# Bench Lathe ID ?



## Kpar (Oct 16, 2017)

Hi all, Just having a clean up of old manuals I've had since my younger days and came across an instruction manual for a mini lathe. I think my Dad may have owned it. The manual is 12 pages long and very detailed on in packing and general use including "Assembly Diagram & Parts List"
There seems to be no brand except "Bench Lathe"
Can anyone ID the unit ?.
Kpar


----------



## Cogsy (Oct 16, 2017)

Looks very much like the modern Seig 7x series, likely an early version. My 7x14 purchased in 2012 looks virtually identical except for the addition of the RPM display.


----------



## Mechanicboy (Oct 17, 2017)

This is a older version of "Mini lathe 7x10" made by Sieg in Shanghai, China. The picture of Mini lathe 7x10 later version with top slide.


----------



## Kpar (Oct 17, 2017)

Just finished reading the manual, not one mention of make, model or manufacturer anywhere.
Maybe just a no-name from china. The only warning is, to make sure the 3 pin power plug has a ROUND earth pin. Is this a clue to where it was made ?.


----------



## Mechanicboy (Oct 17, 2017)

It's this same lathe who has been changed though years with colour, equipments, plastic parts instead aluminium handwheel and the top slide was mounted later. Sieg mfg. in China has changed these lathes though years with colour (green, red, white, blue),  equipments and electronic etc at same lathe who has same base such as bed, main spindle and tail stock. The same lathe has difference name such as "Bench lathe", "Mini lathe", "Axminster", "Grizzly" and "Sieg".


----------



## Mechanicboy (Oct 17, 2017)

3 pin power plug has a ROUND earth pin.
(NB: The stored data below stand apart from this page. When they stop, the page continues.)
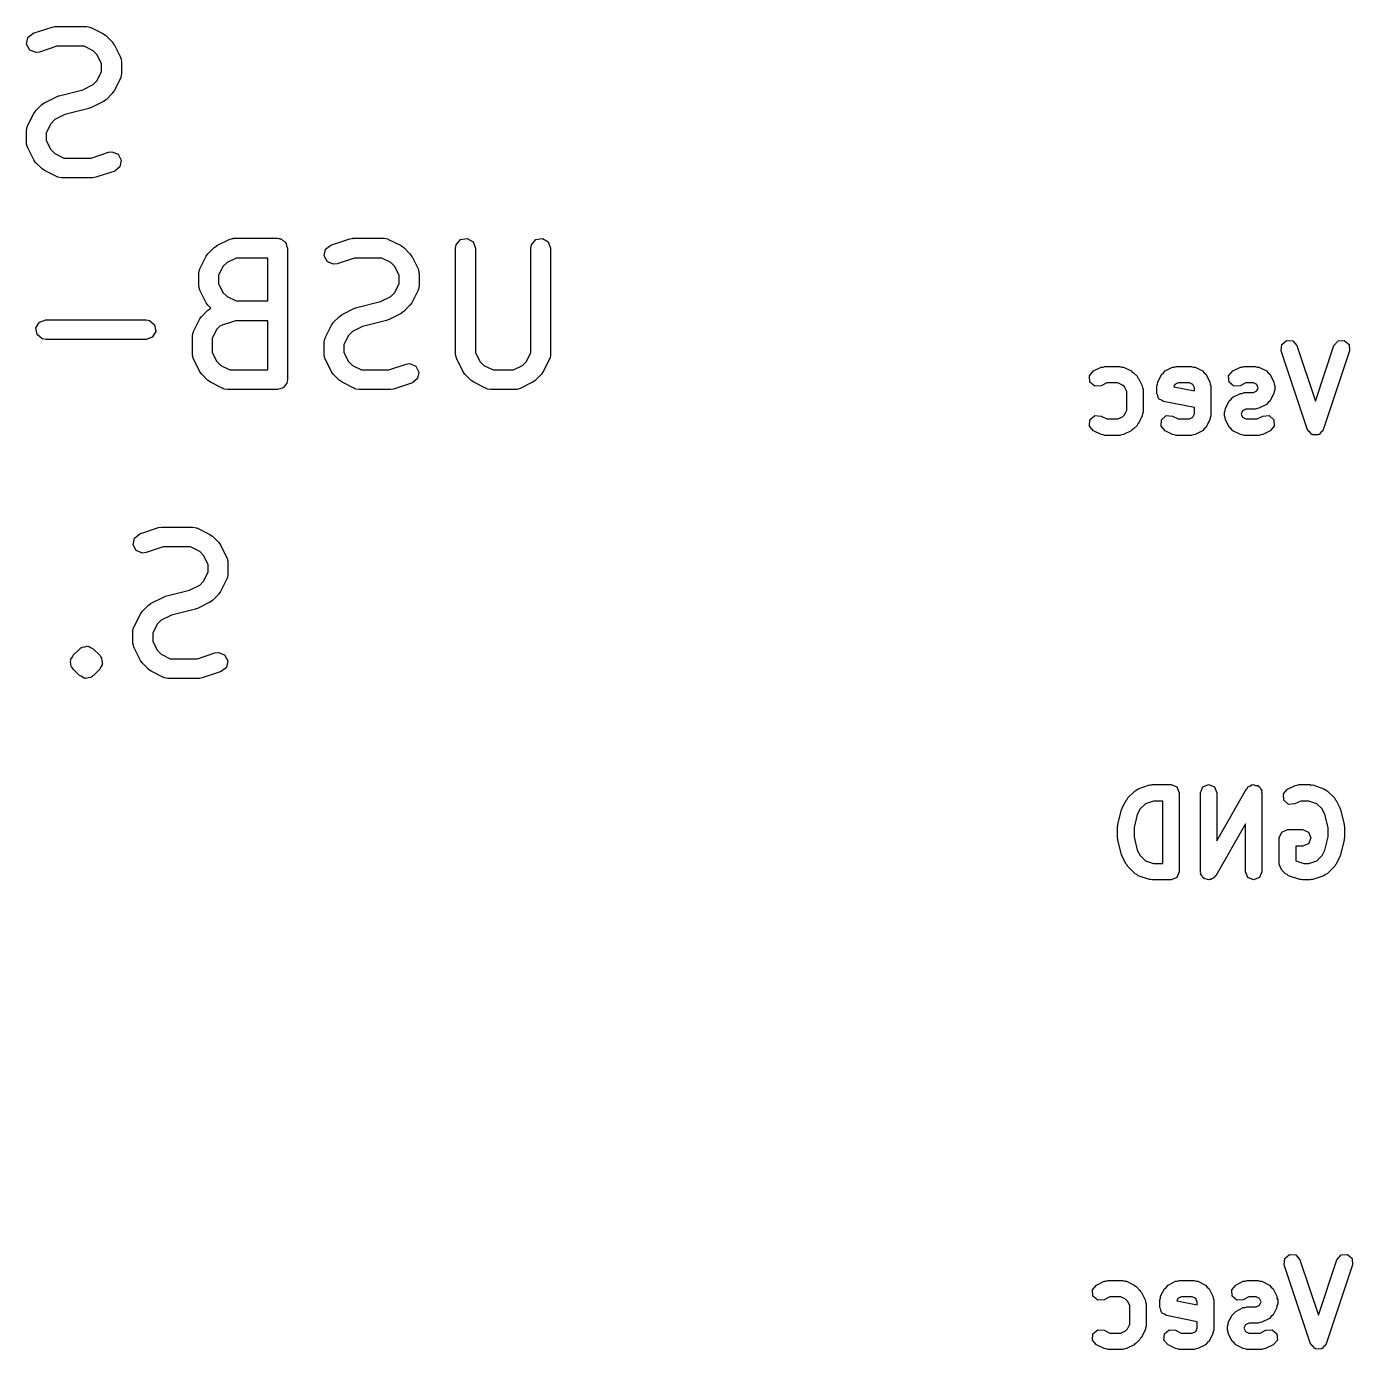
# Model space of a CAD drawing. Extents: x 83.8 to 115, y -111.3 to -88.6.
# Drawn here: x 104.85 to 114.93, y -98.63 to -88.57 of the extents above; entities that cross this region are included whole.
import ezdxf

# ---------------------------------------------------------------- set-up
doc = ezdxf.new("R2010")
doc.units = 0
doc.layers.add('BLACK', color=7, linetype='CONTINUOUS')

msp = doc.modelspace()

# ---------------------------------------------------------------- linework, layer by layer
at = {"layer": 'BLACK', "linetype": 'CONTINUOUS'}
for p, q in [((104.854, -88.706), (104.865, -88.6557)), ((104.865, -88.6557), (104.905, -88.6238)), ((104.905, -88.6238), (105.048, -88.5762)), ((105.048, -88.5762), (105.07, -88.5729)), ((105.07, -88.5729), (105.071, -88.5724)), ((105.071, -88.5724), (105.31, -88.5724)), ((105.31, -88.5724), (105.335, -88.5769)), ((105.335, -88.5769), (105.339, -88.5798)), ((105.339, -88.5798), (105.343, -88.5803)), ((105.343, -88.5803), (105.438, -88.6279)), ((105.438, -88.6279), (105.456, -88.6413)), ((105.456, -88.6413), (105.458, -88.642)), ((105.458, -88.642), (105.505, -88.6896)), ((104.879, -88.7511), (104.854, -88.706)), ((104.927, -88.77), (104.879, -88.7511)), ((104.952, -88.7662), (104.927, -88.77)), ((105.084, -88.7224), (104.952, -88.7662)), ((105.292, -88.7224), (105.084, -88.7224)), ((105.36, -88.7566), (105.292, -88.7224)), ((105.391, -88.787), (105.36, -88.7566)), ((105.505, -88.6896), (105.518, -88.7079)), ((105.518, -88.7079), (105.519, -88.7091)), ((105.519, -88.7091), (105.567, -88.8043)), ((105.425, -88.8556), (105.391, -88.787)), ((105.425, -88.9154), (105.425, -88.8556)), ((105.567, -88.8043), (105.575, -88.8293)), ((105.575, -88.8293), (105.573, -88.8336)), ((105.573, -88.8336), (105.575, -88.8379)), ((105.575, -88.8379), (105.575, -88.9331)), ((105.391, -88.9839), (105.425, -88.9154)), ((105.567, -88.9666), (105.519, -89.0619)), ((105.568, -88.9622), (105.567, -88.9666)), ((105.57, -88.9587), (105.568, -88.9622)), ((105.575, -88.9331), (105.57, -88.9587)), ((105.101, -89.0984), (105.283, -89.0528)), ((105.283, -89.0528), (105.36, -89.0143)), ((105.36, -89.0143), (105.391, -88.9839)), ((105.519, -89.0619), (105.506, -89.0799)), ((104.923, -89.2134), (104.971, -89.1658)), ((104.971, -89.1658), (104.989, -89.1529)), ((104.989, -89.1529), (104.99, -89.1517)), ((104.99, -89.1517), (105.086, -89.1041)), ((105.086, -89.1041), (105.098, -89.1004)), ((105.098, -89.1004), (105.101, -89.0984)), ((105.438, -89.143), (105.343, -89.1907)), ((105.439, -89.1418), (105.438, -89.143)), ((105.458, -89.129), (105.439, -89.1418)), ((105.505, -89.0814), (105.458, -89.129)), ((105.506, -89.0799), (105.505, -89.0814)), ((104.861, -89.3281), (104.909, -89.2329)), ((104.909, -89.2329), (104.922, -89.2149)), ((104.922, -89.2149), (104.923, -89.2134)), ((105.145, -89.242), (105.068, -89.2804)), ((105.328, -89.1963), (105.145, -89.242)), ((105.331, -89.1943), (105.328, -89.1963)), ((105.343, -89.1907), (105.331, -89.1943)), ((104.854, -89.3617), (104.858, -89.336)), ((104.854, -89.4569), (104.854, -89.3617)), ((104.858, -89.336), (104.861, -89.3326)), ((104.861, -89.3326), (104.861, -89.3281)), ((105.038, -89.3109), (105.004, -89.3794)), ((105.068, -89.2804), (105.038, -89.3109)), ((104.855, -89.4611), (104.854, -89.4569)), ((104.854, -89.4655), (104.855, -89.4611)), ((104.861, -89.4904), (104.854, -89.4655)), ((105.004, -89.3794), (105.004, -89.4392)), ((105.004, -89.4392), (105.038, -89.5077)), ((104.909, -89.5857), (104.861, -89.4904)), ((105.038, -89.5077), (105.068, -89.5381)), ((105.068, -89.5381), (105.137, -89.5724)), ((105.137, -89.5724), (105.345, -89.5724)), ((105.345, -89.5724), (105.476, -89.5286)), ((105.476, -89.5286), (105.502, -89.5248)), ((105.502, -89.5248), (105.55, -89.5436)), ((105.55, -89.5436), (105.574, -89.5888)), ((104.91, -89.5868), (104.909, -89.5857)), ((104.923, -89.6052), (104.91, -89.5868)), ((104.971, -89.6528), (104.923, -89.6052)), ((104.972, -89.6535), (104.971, -89.6528)), ((104.99, -89.6668), (104.972, -89.6535)), ((105.086, -89.7145), (104.99, -89.6668)), ((105.524, -89.6709), (105.381, -89.7185)), ((105.564, -89.639), (105.524, -89.6709)), ((105.574, -89.5888), (105.564, -89.639)), ((105.09, -89.715), (105.086, -89.7145)), ((105.093, -89.7179), (105.09, -89.715)), ((105.119, -89.7224), (105.093, -89.7179)), ((105.357, -89.7224), (105.119, -89.7224)), ((105.359, -89.7218), (105.357, -89.7224)), ((105.381, -89.7185), (105.359, -89.7218)), ((106.233, -90.2996), (106.28, -90.252)), ((106.28, -90.252), (106.299, -90.2391)), ((106.299, -90.2391), (106.3, -90.2379)), ((106.3, -90.2379), (106.395, -90.1903)), ((106.395, -90.1903), (106.42, -90.1829)), ((106.42, -90.1829), (106.424, -90.1839)), ((106.424, -90.1839), (106.429, -90.1824)), ((106.429, -90.1824), (106.762, -90.1824)), ((106.762, -90.1824), (106.772, -90.1841)), ((106.772, -90.1841), (106.775, -90.1835)), ((106.775, -90.1835), (106.778, -90.1852)), ((106.778, -90.1852), (106.788, -90.1869)), ((106.788, -90.1869), (106.802, -90.1994)), ((106.802, -90.1994), (106.819, -90.2092)), ((106.819, -90.2092), (106.822, -90.2155)), ((106.822, -90.2155), (106.827, -90.2199)), ((106.827, -90.2199), (106.83, -90.2391)), ((106.83, -90.2391), (106.837, -90.2574)), ((106.837, -90.2574), (106.837, -91.2574)), ((107.116, -90.316), (107.127, -90.2657)), ((107.127, -90.2657), (107.167, -90.2338)), ((107.167, -90.2338), (107.31, -90.1862)), ((107.31, -90.1862), (107.332, -90.1829)), ((107.332, -90.1829), (107.333, -90.1824)), ((107.333, -90.1824), (107.571, -90.1824)), ((107.571, -90.1824), (107.597, -90.1869)), ((107.597, -90.1869), (107.601, -90.1898)), ((107.601, -90.1898), (107.605, -90.1903)), ((107.605, -90.1903), (107.7, -90.2379)), ((107.7, -90.2379), (107.718, -90.2513)), ((107.718, -90.2513), (107.72, -90.252)), ((107.72, -90.252), (107.767, -90.2996)), ((108.115, -90.2574), (108.12, -90.2317)), ((108.115, -91.0669), (108.115, -90.2574)), ((108.12, -90.2317), (108.153, -90.1924)), ((108.153, -90.1924), (108.203, -90.1835)), ((108.203, -90.1835), (108.248, -90.2092)), ((108.248, -90.2092), (108.265, -90.2574)), ((108.265, -90.2574), (108.265, -91.0492)), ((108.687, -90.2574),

American power plug? ---> http://legacy.ybsitecenter.com/multi-images/kop/legacy/var/bt/90225/822438-electrical-work-pittsburgh-pa-rich-cardillo-electric-plug.jpg


----------



## Kpar (Oct 17, 2017)

Thanks Jens,
I have just been informed by a relative that he knows where this lathe is and it has been sitting idle for years. I intend to follow it up.
Kpar


----------